Not that there isn’t a deal or two to be had on the menu. One night at the bar, a friend and I split a burger and an unusually butchered 8-ounce flank steak from a cross of Tajima and Angus cattle. The menu describes it as a “eureka cut.” The steak was, in fact, surprisingly tender at the center for a cut of flank steak, deeply flavored and modestly priced. The thick burger, packed with plenty of dry-aged flavor, cost scarcely more than that single slice of bacon.

If you do decide to spend freely on one of those lavishly described steaks, your results may vary. One night in the dining room, a date and I ordered a bone-in “cowgirl” rib-eye and the dry-aged Kansas City strip. Both arrived with admirable, blacked char, garnished with thyme and butter-soft cloves of garlic.

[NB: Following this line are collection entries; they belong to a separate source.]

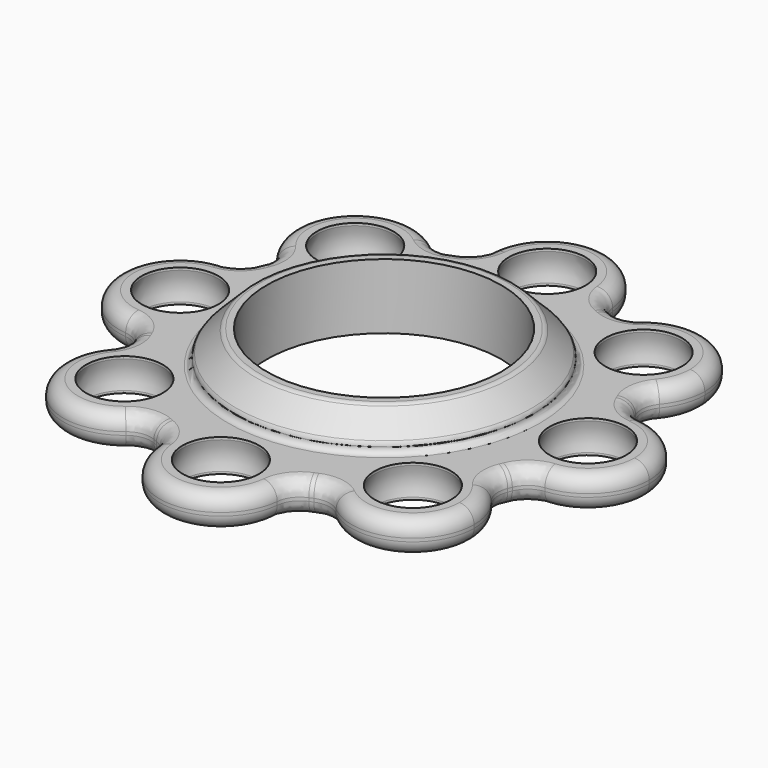
from build123d import *

# Parameters (mm, degrees)
F0_R          = 14.375
F1_DEPTH      = 2
F1_DEPTH_BACK = 2
F2_R          = 3
F3_R          = 1.8
F22_R         = 18.375
F22_R_2       = 14.375
F23_DEPTH     = 4
F24_SIZE      = 2.9
F25_R         = 0.75


with BuildPart() as f1:
    # F0 (on Top) → F1 (new body, two sides)
    with BuildSketch(Plane.XY) as f1_sk:
        with BuildLine():
            ThreePointArc((7.415145, 23.875), (0, 17.5), (-7.415145, 23.875))
            ThreePointArc((-7.415145, 23.875), (-9.567086, 23.096988), (-11.638875, 22.125474))
            ThreePointArc((-11.638875, 22.125474), (-10.552329, 20.018507), (-10.17767, 17.67767))
            ThreePointArc((-10.17767, 17.67767), (-14.294515, 10.984071), (-22.125474, 11.638875))
            ThreePointArc((-22.125474, 11.638875), (-23.096988, 9.567086), (-23.875, 7.415145))
            ThreePointArc((-23.875, 7.415145), (-19.312843, 4.889402), (-17.5, 0))
            ThreePointArc((-17.5, 0), (-19.312843, -4.889402), (-23.875, -7.415145))
            ThreePointArc((-23.875, -7.415145), (-23.096988, -9.567086), (-22.125474, -11.638875))
            ThreePointArc((-22.125474, -11.638875), (-14.294515, -10.984071), (-10.17767, -17.67767))
            ThreePointArc((-10.17767, -17.67767), (-10.552329, -20.018507), (-11.638875, -22.125474))
            ThreePointArc((-11.638875, -22.125474), (-9.567086, -23.096988), (-7.415145, -23.875))
            ThreePointArc((-7.415145, -23.875), (0, -17.5), (7.415145, -23.875))
            ThreePointArc((7.415145, -23.875), (9.567086, -23.096988), (11.638875, -22.125474))
            ThreePointArc((11.638875, -22.125474), (12.374369, -12.374369), (22.125474, -11.638875))
            ThreePointArc((22.125474, -11.638875), (23.096988, -9.567086), (23.875, -7.415145))
            ThreePointArc((23.875, -7.415145), (17.5, 0), (23.875, 7.415145))
            ThreePointArc((23.875, 7.415145), (23.096988, 9.567086), (22.125474, 11.638875))
            ThreePointArc((22.125474, 11.638875), (12.374369, 12.374369), (11.638875, 22.125474))
            ThreePointArc((11.638875, 22.125474), (9.567086, 23.096988), (7.415145, 23.875))
        make_face()
        Circle(F0_R, mode=Mode.SUBTRACT)
        with BuildLine():
            ThreePointArc((-20.673956, -14.056583), (-21.433831, -12.868212), (-22.125474, -11.638875))
            ThreePointArc((-22.125474, -11.638875), (-22.98097, -22.98097), (-11.638875, -22.125474))
            ThreePointArc((-11.638875, -22.125474), (-12.868212, -21.433831), (-14.056583, -20.673956))
            ThreePointArc((-14.056583, -20.673956), (-21.001071, -21.001071), (-20.673956, -14.056583))
        make_face()
        with BuildLine():
            ThreePointArc((-10.17767, -17.67767), (-14.294515, -10.984071), (-22.125474, -11.638875))
            ThreePointArc((-22.125474, -11.638875), (-21.433831, -12.868212), (-20.673956, -14.056583))
            ThreePointArc((-20.673956, -14.056583), (-15.676738, -13.424874), (-12.97767, -17.67767))
            ThreePointArc((-12.97767, -17.67767), (-13.255617, -19.269978), (-14.056583, -20.673956))
            ThreePointArc((-14.056583, -20.673956), (-12.868212, -21.433831), (-11.638875, -22.125474))
            ThreePointArc((-11.638875, -22.125474), (-10.552329, -20.018507), (-10.17767, -17.67767))
        make_face()
        with BuildLine():
            ThreePointArc((-17.5, 0), (-19.312843, 4.889402), (-23.875, 7.415145))
            ThreePointArc((-23.875, 7.415145), (-24.255207, 6.056808), (-24.5582, 4.679189))
            ThreePointArc((-24.5582, 4.679189), (-21.523906, 3.163348), (-20.3, 0))
            ThreePointArc((-20.3, 0), (-21.523906, -3.163348), (-24.5582, -4.679189))
            ThreePointArc((-24.5582, -4.679189), (-24.255207, -6.056808), (-23.875, -7.415145))
            ThreePointArc((-23.875, -7.415145), (-19.312843, -4.889402), (-17.5, 0))
        make_face()
        with BuildLine():
            ThreePointArc((-24.5582, 4.679189), (-24.255207, 6.056808), (-23.875, 7.415145))
            ThreePointArc((-23.875, 7.415145), (-32.5, 0), (-23.875, -7.415145))
            ThreePointArc((-23.875, -7.415145), (-24.255207, -6.056808), (-24.5582, -4.679189))
            ThreePointArc((-24.5582, -4.679189), (-29.7, 0), (-24.5582, 4.679189))
        make_face()
        with BuildLine():
            ThreePointArc((-14.056583, 20.673956), (-12.868212, 21.433831), (-11.638875, 22.125474))
            ThreePointArc((-11.638875, 22.125474), (-22.98097, 22.98097), (-22.125474, 11.638875))
            ThreePointArc((-22.125474, 11.638875), (-21.433831, 12.868212), (-20.673956, 14.056583))
            ThreePointArc((-20.673956, 14.056583), (-21.001071, 21.001071), (-14.056583, 20.673956))
        make_face()
        with BuildLine():
            ThreePointArc((-10.17767, 17.67767), (-10.552329, 20.018507), (-11.638875, 22.125474))
            ThreePointArc((-11.638875, 22.125474), (-12.868212, 21.433831), (-14.056583, 20.673956))
            ThreePointArc((-14.056583, 20.673956), (-13.255617, 19.269978), (-12.97767, 17.67767))
            ThreePointArc((-12.97767, 17.67767), (-15.676738, 13.424874), (-20.673956, 14.056583))
            ThreePointArc((-20.673956, 14.056583), (-21.433831, 12.868212), (-22.125474, 11.638875))
            ThreePointArc((-22.125474, 11.638875), (-14.294515, 10.984071), (-10.17767, 17.67767))
        make_face()
        with BuildLine():
            ThreePointArc((-4.679189, 24.5582), (-0.221145, 29.694794), (4.7, 25))
            ThreePointArc((4.7, 25), (4.694794, 24.778855), (4.679189, 24.5582))
            ThreePointArc((4.679189, 24.5582), (6.056808, 24.255207), (7.415145, 23.875))
            ThreePointArc((7.415145, 23.875), (7.478756, 24.435902), (7.5, 25))
            ThreePointArc((7.5, 25), (-0.564098, 32.478756), (-7.415145, 23.875))
            ThreePointArc((-7.415145, 23.875), (-6.056808, 24.255207), (-4.679189, 24.5582))
        make_face()
        with BuildLine():
            ThreePointArc((4.679189, 24.5582), (0, 20.3), (-4.679189, 24.5582))
            ThreePointArc((-4.679189, 24.5582), (-6.056808, 24.255207), (-7.415145, 23.875))
            ThreePointArc((-7.415145, 23.875), (0, 17.5), (7.415145, 23.875))
            ThreePointArc((7.415145, 23.875), (6.056808, 24.255207), (4.679189, 24.5582))
        make_face()
        with BuildLine():
            ThreePointArc((25.17767, 17.67767), (20.018507, 24.80301), (11.638875, 22.125474))
            ThreePointArc((11.638875, 22.125474), (12.868212, 21.433831), (14.056583, 20.673956))
            ThreePointArc((14.056583, 20.673956), (19.269978, 22.099723), (22.37767, 17.67767))
            ThreePointArc((22.37767, 17.67767), (21.930466, 15.676738), (20.673956, 14.056583))
            ThreePointArc((20.673956, 14.056583), (21.433831, 12.868212), (22.125474, 11.638875))
            ThreePointArc((22.125474, 11.638875), (24.371268, 14.294515), (25.17767, 17.67767))
        make_face()
        with BuildLine():
            ThreePointArc((14.056583, 20.673956), (12.868212, 21.433831), (11.638875, 22.125474))
            ThreePointArc((11.638875, 22.125474), (12.374369, 12.374369), (22.125474, 11.638875))
            ThreePointArc((22.125474, 11.638875), (21.433831, 12.868212), (20.673956, 14.056583))
            ThreePointArc((20.673956, 14.056583), (14.354268, 14.354268), (14.056583, 20.673956))
        make_face()
        with BuildLine():
            ThreePointArc((24.5582, 4.679189), (24.255207, 6.056808), (23.875, 7.415145))
            ThreePointArc((23.875, 7.415145), (17.5, 0), (23.875, -7.415145))
            ThreePointArc((23.875, -7.415145), (24.255207, -6.056808), (24.5582, -4.679189))
            ThreePointArc((24.5582, -4.679189), (20.3, 0), (24.5582, 4.679189))
        make_face()
        with BuildLine():
            ThreePointArc((32.5, 0), (29.889402, 5.687157), (23.875, 7.415145))
            ThreePointArc((23.875, 7.415145), (24.255207, 6.056808), (24.5582, 4.679189))
            ThreePointArc((24.5582, 4.679189), (28.163348, 3.476094), (29.7, 0))
            ThreePointArc((29.7, 0), (28.163348, -3.476094), (24.5582, -4.679189))
            ThreePointArc((24.5582, -4.679189), (24.255207, -6.056808), (23.875, -7.415145))
            ThreePointArc((23.875, -7.415145), (29.889402, -5.687157), (32.5, 0))
        make_face()
        with BuildLine():
            ThreePointArc((25.17767, -17.67767), (24.371268, -14.294515), (22.125474, -11.638875))
            ThreePointArc((22.125474, -11.638875), (21.433831, -12.868212), (20.673956, -14.056583))
            ThreePointArc((20.673956, -14.056583), (21.930466, -15.676738), (22.37767, -17.67767))
            ThreePointArc((22.37767, -17.67767), (19.269978, -22.099723), (14.056583, -20.673956))
            ThreePointArc((14.056583, -20.673956), (12.868212, -21.433831), (11.638875, -22.125474))
            ThreePointArc((11.638875, -22.125474), (20.018507, -24.80301), (25.17767, -17.67767))
        make_face()
        with BuildLine():
            ThreePointArc((20.673956, -14.056583), (21.433831, -12.868212), (22.125474, -11.638875))
            ThreePointArc((22.125474, -11.638875), (12.374369, -12.374369), (11.638875, -22.125474))
            ThreePointArc((11.638875, -22.125474), (12.868212, -21.433831), (14.056583, -20.673956))
            ThreePointArc((14.056583, -20.673956), (14.354268, -14.354268), (20.673956, -14.056583))
        make_face()
        with BuildLine():
            ThreePointArc((-4.679189, -24.5582), (-6.056808, -24.255207), (-7.415145, -23.875))
            ThreePointArc((-7.415145, -23.875), (-0.564098, -32.478756), (7.5, -25))
            ThreePointArc((7.5, -25), (7.478756, -24.435902), (7.415145, -23.875))
            ThreePointArc((7.415145, -23.875), (6.056808, -24.255207), (4.679189, -24.5582))
            ThreePointArc((4.679189, -24.5582), (4.694794, -24.778855), (4.7, -25))
            ThreePointArc((4.7, -25), (-0.221145, -29.694794), (-4.679189, -24.5582))
        make_face()
        with BuildLine():
            ThreePointArc((7.415145, -23.875), (0, -17.5), (-7.415145, -23.875))
            ThreePointArc((-7.415145, -23.875), (-6.056808, -24.255207), (-4.679189, -24.5582))
            ThreePointArc((-4.679189, -24.5582), (0, -20.3), (4.679189, -24.5582))
            ThreePointArc((4.679189, -24.5582), (6.056808, -24.255207), (7.415145, -23.875))
        make_face()
    extrude(amount=F1_DEPTH)
    extrude(f1_sk.sketch, amount=-F1_DEPTH_BACK)

    # F2
    f2_edges = [f1.edges().sort_by_distance(p)[0] for p in [
        (7.415145, -23.875, 0),
        (-23.875, -7.415145, 0),
        (-23.875, 7.415145, 0),
        (7.415145, 23.875, 0),
        (22.125474, 11.638875, 0),
        (-22.125474, 11.638875, 0),
        (-22.125474, -11.638875, 0),
        (-11.638875, 22.125474, 0),
        (-7.415145, 23.875, 0),
        (23.875, 7.415145, 0),
        (11.638875, 22.125474, 0),
        (23.875, -7.415145, 0),
        (11.638875, -22.125474, 0),
        (22.125474, -11.638875, 0),
        (-7.415145, -23.875, 0),
        (-11.638875, -22.125474, 0),
    ]]
    fillet(f2_edges, radius=F2_R)

    # F3
    f3_edges = [f1.edges().sort_by_distance(p)[0] for p in [
        (22.98097, 22.98097, 2),
        (22.98097, 22.98097, -2),
    ]]
    fillet(f3_edges, radius=F3_R)


with BuildPart() as f5:
    # F4 (on Right) → F5 (revolve)
    with BuildSketch(Plane.YZ):
        with BuildLine():
            Line((-25, -5), (-25, 5))
            ThreePointArc((-25, 5), (-30, 0), (-25, -5))
        make_face()
    revolve(axis=Axis((0, -25, -0.930661), (0, 0, -1)))


with BuildPart() as f6:
    # F4 (on Right) → F6 (revolve)
    with BuildSketch(Plane.YZ):
        with BuildLine():
            Line((25, 5), (25, -5))
            ThreePointArc((25, -5), (30, 0), (25, 5))
        make_face()
    revolve(axis=Axis((0, 25, -1.024194), (0, 0, -1)))


with BuildPart() as f1_1:
    add(f1.part)

    # F7: cut F6, F5
    add(f6.part, mode=Mode.SUBTRACT)
    add(f5.part, mode=Mode.SUBTRACT)


with BuildPart() as f9:
    # F8 (on Front) → F9 (revolve)
    with BuildSketch(Plane.XZ):
        with BuildLine():
            Line((-25, -5), (-25, 5))
            ThreePointArc((-25, 5), (-30, 0), (-25, -5))
        make_face()
    revolve(axis=Axis((-25, 0, -1.001059), (0, 0, -1)))


with BuildPart() as f10:
    # F8 (on Front) → F10 (revolve)
    with BuildSketch(Plane.XZ):
        with BuildLine():
            Line((25, 5), (25, -5))
            ThreePointArc((25, -5), (30, 0), (25, 5))
        make_face()
    revolve(axis=Axis((25, 0, -1.00106), (0, 0, -1)))


with BuildPart() as f1_2:
    add(f1_1.part)

    # F11: cut F9, F10
    add(f9.part, mode=Mode.SUBTRACT)
    add(f10.part, mode=Mode.SUBTRACT)


with BuildPart() as f14:
    # F13 (on plane+point) → F14 (revolve)
    with BuildSketch(Plane.XZ.offset(17.67767)):
        with BuildLine():
            Line((-17.67767, -5), (-17.67767, 5))
            ThreePointArc((-17.67767, 5), (-22.67767, 0), (-17.67767, -5))
        make_face()
    revolve(axis=Axis((-17.67767, -17.67767, -2.516819), (0, 0, -1)))


with BuildPart() as f15:
    # F13 (on plane+point) → F15 (revolve)
    with BuildSketch(Plane.XZ.offset(17.67767)):
        with BuildLine():
            Line((17.67767, 5), (17.67767, -5))
            ThreePointArc((17.67767, -5), (22.67767, 0), (17.67767, 5))
        make_face()
    revolve(axis=Axis((17.67767, -17.67767, -2.359518), (0, 0, -1)))


with BuildPart() as f1_3:
    add(f1_2.part)

    # F16: cut F15, F14
    add(f15.part, mode=Mode.SUBTRACT)
    add(f14.part, mode=Mode.SUBTRACT)


with BuildPart() as f19:
    # F18 (on plane+point) → F19 (revolve)
    with BuildSketch(Plane.XZ.offset(-17.67767)):
        with BuildLine():
            Line((17.67767, 5), (17.67767, -5))
            ThreePointArc((17.67767, -5), (22.67767, 0), (17.67767, 5))
        make_face()
    revolve(axis=Axis((17.67767, 17.67767, 0.778604), (0, 0, -1)))


with BuildPart() as f20:
    # F18 (on plane+point) → F20 (revolve)
    with BuildSketch(Plane.XZ.offset(-17.67767)):
        with BuildLine():
            Line((-17.67767, -5), (-17.67767, 5))
            ThreePointArc((-17.67767, 5), (-22.67767, 0), (-17.67767, -5))
        make_face()
    revolve(axis=Axis((-17.67767, 17.67767, 1.557206), (0, 0, -1)))


with BuildPart() as f1_4:
    add(f1_3.part)

    # F21: cut F20, F19
    add(f20.part, mode=Mode.SUBTRACT)
    add(f19.part, mode=Mode.SUBTRACT)

    # F22 (on face) → F23 (join)
    with BuildSketch(Plane.XY.offset(2)):
        Circle(F22_R)
        Circle(F22_R_2, mode=Mode.SUBTRACT)
    extrude(amount=F23_DEPTH)

    # F24
    f24_edges = [f1_4.edges().sort_by_distance(p)[0] for p in [
        (-18.375, 0, 6),
    ]]
    chamfer(f24_edges, length=F24_SIZE)

    # F25
    f25_edges = [f1_4.edges().sort_by_distance(p)[0] for p in [
        (-18.375, 0, 2),
        (-15.475, 0, 6),
        (-18.375, 0, 3.1),
    ]]
    fillet(f25_edges, radius=F25_R)


solid = f1_4.part

What lavish attention to detail. Yet, the Kansas City strip had been cooked to medium well, rather than medium rare as ordered, and the rib-eye had the grainy texture of a budget cut, but not the price tag. To our waitress’s credit, she whisked away the overcooked steak, replaced it as quickly as possible, and, despite my protests to the contrary, took it off the bill.

In the end, the gesture was mostly reassuring. The staff mostly seems to understand that they’re still a work in progress, not a seasoned steakhouse. It would have been more reassuring had my other experiences with service been more reliable.

On a good night, a question to your server as simple as “Why is the Caesar salad described as ‘Aviator’s Salad’?” may prompt your waitress to offer a brief history of the Caesar salad, a sometimes disputed account involving pilots, Prohibition and the Mexican border, that leads to an explanation as to why the Caesar is made with lime juice instead of lemon at C. Ellet’s.

On the other hand, on a weekday night in the club, a question as leading as “Is there a glass of Tempranillo on the menu?” may only prompt your bartender to nod, turn his back and return with a full glass. No matter that there are actually two glasses of Tempranillo on the menu. Don’t expect to be offered a taste to see which you prefer. I wonder what would have happened if my steak had been overcooked on a night like that.

The staff has a similarly disturbing habit of removing appetizers before they’re finished. I almost lost my unfinished plate of barbecue shrimp, those all-important bites of sopping bread in sauce, to an aggressive midmeal plate clearing. Of course, I only cared because the sauce was so good. Such is the situation at C. Ellet’s: a divided restaurant, but a tasty one nevertheless.